# cipher problem after freebsd upgrade



## cm-vdp (Nov 11, 2019)

I upgraded our haproxy server from freebsd 11.3 to 12.0 . From that moment our client receives an ssl handshake failure  while trying to connect to our application-server through the haproxy. SSL offloading happens on haproxy.
 Cause: all  the ciphers at client side are not enabled at our server after the upgrade.
Where do you define/enable the ciphers you want to use ? Can the cipher suite change after an upgrade ? Can I enable the old or additional ciphers  and how can I do this ?

Extra info: haproxy was upgraded from 1.7 to 2.0 during the upgrade, but the config-file never changed.

Thanks, in advance.


----------



## SirDice (Nov 11, 2019)

cm-vdp said:


> I upgraded our haproxy server from freebsd 11.3 to 12.0


Please continue to 12.1, 12.0 will be EoL in a few months.

After a major version make sure to reinstall _everything_.


----------



## cm-vdp (Nov 11, 2019)

Do I have to reinstall a package to get back my old ciphers ? What package ?


----------



## SirDice (Nov 11, 2019)

You need to reinstall _all_ your packages after a major version upgrade.



cm-vdp said:


> haproxy was upgraded from 1.7 to 2.0 during the upgrade,


Lots of things have changed:


			http://www.haproxy.org/download/2.0/src/CHANGELOG


----------



## cm-vdp (Nov 11, 2019)

I am new to freebsd. So I have still questions
How can I reinstall all packages ? After the os upgrade I ran the following commands : pkg update ; pkg upgrade.
Can I downgrade haproxy 2.0 or reinstall haproxy 1.7 ?

By the way I use poudriere as a local repository.


----------



## SirDice (Nov 11, 2019)

cm-vdp said:


> After the os upgrade I ran the following commands : pkg update ; pkg upgrade.

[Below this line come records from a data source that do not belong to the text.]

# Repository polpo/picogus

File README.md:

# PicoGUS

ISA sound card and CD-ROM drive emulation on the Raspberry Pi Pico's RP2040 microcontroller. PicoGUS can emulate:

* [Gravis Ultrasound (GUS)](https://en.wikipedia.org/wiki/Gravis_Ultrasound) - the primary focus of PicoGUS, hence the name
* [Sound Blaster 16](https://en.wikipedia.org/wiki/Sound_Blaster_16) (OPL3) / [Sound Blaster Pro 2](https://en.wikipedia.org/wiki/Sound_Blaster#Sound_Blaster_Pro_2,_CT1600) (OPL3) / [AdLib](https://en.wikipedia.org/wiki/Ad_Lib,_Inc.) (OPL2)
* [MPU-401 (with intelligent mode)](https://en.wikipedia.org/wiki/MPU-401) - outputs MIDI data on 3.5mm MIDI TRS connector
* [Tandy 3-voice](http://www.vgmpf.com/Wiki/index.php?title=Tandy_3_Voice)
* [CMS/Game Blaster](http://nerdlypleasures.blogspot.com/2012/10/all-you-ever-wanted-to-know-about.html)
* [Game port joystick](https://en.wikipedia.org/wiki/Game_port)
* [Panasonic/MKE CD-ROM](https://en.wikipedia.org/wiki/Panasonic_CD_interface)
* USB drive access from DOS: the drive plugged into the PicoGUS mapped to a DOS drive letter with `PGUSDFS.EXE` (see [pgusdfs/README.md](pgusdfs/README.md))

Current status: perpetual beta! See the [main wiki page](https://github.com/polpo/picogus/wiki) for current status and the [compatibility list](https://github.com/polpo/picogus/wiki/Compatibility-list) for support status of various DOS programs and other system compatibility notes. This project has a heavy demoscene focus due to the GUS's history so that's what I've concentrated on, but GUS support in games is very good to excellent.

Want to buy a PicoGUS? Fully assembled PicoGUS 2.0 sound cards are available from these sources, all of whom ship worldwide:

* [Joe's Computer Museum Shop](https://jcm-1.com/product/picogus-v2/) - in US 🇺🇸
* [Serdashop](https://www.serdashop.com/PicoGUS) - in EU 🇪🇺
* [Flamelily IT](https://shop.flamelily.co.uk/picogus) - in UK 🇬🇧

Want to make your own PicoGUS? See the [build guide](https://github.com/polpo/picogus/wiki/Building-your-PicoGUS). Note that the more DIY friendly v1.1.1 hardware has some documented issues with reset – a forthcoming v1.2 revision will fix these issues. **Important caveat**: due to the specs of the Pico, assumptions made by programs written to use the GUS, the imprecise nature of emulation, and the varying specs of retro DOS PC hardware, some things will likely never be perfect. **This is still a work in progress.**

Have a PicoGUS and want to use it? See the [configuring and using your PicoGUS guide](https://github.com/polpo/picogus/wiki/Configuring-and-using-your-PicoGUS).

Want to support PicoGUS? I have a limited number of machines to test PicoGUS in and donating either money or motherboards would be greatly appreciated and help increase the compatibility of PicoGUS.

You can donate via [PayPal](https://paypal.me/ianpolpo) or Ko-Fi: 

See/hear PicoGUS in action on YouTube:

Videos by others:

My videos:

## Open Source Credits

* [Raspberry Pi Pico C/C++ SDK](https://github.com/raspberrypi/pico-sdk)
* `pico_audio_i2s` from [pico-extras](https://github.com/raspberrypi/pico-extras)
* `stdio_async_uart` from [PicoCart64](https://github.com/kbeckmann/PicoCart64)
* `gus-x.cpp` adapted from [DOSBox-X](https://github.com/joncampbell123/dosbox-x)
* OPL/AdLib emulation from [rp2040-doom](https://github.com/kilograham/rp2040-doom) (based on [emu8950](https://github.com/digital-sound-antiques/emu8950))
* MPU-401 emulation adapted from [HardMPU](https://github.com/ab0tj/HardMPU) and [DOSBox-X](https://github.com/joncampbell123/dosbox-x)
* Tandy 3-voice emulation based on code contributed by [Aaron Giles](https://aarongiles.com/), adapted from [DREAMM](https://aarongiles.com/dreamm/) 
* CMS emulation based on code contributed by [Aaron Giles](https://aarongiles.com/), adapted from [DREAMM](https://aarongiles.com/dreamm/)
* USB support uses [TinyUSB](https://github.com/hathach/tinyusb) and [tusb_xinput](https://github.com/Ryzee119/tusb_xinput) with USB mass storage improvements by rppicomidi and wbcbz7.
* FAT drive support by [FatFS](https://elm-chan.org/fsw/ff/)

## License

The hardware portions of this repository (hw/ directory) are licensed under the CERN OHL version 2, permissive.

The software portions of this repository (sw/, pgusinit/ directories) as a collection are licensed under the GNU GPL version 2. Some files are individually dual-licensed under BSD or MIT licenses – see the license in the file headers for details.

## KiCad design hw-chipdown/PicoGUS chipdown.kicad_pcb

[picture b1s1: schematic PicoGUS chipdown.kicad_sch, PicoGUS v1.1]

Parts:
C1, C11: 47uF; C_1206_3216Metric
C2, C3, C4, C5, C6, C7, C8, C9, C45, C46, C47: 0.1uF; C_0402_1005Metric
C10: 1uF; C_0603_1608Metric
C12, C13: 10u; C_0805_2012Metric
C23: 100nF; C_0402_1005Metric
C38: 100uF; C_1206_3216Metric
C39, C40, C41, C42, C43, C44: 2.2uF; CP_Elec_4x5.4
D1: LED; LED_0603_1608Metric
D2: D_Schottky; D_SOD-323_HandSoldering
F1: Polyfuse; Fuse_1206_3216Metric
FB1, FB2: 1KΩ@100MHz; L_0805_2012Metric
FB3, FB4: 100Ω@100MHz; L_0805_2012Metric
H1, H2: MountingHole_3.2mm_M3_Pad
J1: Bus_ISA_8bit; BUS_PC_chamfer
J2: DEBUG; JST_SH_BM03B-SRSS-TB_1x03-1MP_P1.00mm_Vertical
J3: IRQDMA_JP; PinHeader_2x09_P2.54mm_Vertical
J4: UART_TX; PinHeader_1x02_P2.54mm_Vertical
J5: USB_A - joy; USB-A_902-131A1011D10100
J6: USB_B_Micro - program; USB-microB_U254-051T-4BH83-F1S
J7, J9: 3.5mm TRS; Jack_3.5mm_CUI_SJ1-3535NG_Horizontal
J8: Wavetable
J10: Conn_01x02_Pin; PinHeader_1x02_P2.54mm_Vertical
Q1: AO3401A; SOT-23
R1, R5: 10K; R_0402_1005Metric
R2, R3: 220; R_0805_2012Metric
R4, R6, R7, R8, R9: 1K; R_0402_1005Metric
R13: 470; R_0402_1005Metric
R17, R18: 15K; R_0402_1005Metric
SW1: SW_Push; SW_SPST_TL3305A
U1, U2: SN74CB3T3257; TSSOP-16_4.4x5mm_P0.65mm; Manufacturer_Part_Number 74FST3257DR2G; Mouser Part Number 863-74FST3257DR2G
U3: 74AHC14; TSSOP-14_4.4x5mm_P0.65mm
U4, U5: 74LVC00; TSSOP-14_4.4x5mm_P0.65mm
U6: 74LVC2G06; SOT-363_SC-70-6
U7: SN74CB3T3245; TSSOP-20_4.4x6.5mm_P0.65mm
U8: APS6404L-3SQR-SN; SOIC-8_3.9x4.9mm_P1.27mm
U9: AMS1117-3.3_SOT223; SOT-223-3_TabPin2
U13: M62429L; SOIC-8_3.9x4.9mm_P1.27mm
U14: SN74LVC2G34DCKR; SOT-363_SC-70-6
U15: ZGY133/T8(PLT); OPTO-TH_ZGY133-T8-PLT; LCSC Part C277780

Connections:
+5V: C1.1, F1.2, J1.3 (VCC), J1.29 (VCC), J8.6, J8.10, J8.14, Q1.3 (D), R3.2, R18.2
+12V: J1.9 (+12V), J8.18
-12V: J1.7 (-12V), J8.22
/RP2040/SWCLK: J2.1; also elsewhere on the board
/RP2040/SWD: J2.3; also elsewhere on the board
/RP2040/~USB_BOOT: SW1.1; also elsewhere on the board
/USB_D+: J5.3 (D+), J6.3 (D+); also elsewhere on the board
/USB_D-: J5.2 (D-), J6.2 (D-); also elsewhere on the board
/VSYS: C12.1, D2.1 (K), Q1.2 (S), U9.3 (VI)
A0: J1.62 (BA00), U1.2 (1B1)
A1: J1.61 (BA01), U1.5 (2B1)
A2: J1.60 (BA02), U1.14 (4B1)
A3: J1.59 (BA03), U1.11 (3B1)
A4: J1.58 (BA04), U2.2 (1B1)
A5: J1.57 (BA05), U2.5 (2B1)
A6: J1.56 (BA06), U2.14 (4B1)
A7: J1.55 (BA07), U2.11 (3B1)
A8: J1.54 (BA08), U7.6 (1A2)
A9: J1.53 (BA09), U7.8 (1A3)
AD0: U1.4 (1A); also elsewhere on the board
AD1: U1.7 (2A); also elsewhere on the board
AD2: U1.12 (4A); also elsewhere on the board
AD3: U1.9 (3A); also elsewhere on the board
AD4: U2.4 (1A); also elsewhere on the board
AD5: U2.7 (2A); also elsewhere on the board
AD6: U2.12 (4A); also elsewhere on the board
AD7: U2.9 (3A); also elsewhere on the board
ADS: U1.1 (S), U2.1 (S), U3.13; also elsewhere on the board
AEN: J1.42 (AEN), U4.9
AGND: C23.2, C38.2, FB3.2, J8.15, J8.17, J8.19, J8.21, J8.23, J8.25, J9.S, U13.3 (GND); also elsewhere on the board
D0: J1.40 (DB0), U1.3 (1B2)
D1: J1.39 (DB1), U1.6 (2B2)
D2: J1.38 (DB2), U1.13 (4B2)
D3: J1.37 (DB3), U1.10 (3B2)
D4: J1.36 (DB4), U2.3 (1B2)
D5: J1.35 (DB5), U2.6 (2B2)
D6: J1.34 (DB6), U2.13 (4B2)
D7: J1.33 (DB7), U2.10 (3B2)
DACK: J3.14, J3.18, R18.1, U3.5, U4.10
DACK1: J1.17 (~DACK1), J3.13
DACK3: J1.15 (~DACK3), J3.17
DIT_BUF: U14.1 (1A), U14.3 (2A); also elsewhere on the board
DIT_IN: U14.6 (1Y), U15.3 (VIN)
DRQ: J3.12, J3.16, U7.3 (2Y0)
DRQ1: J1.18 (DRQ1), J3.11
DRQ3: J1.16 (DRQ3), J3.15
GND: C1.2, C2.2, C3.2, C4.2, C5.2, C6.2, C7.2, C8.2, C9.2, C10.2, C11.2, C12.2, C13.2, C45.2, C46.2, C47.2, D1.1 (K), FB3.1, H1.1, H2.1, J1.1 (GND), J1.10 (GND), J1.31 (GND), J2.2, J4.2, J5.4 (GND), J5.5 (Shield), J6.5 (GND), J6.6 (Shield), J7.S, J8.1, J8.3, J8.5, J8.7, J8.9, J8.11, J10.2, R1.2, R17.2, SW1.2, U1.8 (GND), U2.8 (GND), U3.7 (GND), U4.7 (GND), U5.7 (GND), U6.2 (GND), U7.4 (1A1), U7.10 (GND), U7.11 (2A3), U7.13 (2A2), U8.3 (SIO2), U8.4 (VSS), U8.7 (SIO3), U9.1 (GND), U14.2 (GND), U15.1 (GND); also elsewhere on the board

Ok, that should have done the right thing. 



cm-vdp said:


> Can I downgrade haproxy 2.0 or reinstall haproxy 1.7 ?


You can switch to net/haproxy17 if you want to stay on 1.7.x. But I would recommend just fixing the issue and using the latest HAProxy version. What exactly is the issue you're having? If I recall correctly some ciphers have been removed, but those are old and shouldn't be used in any case.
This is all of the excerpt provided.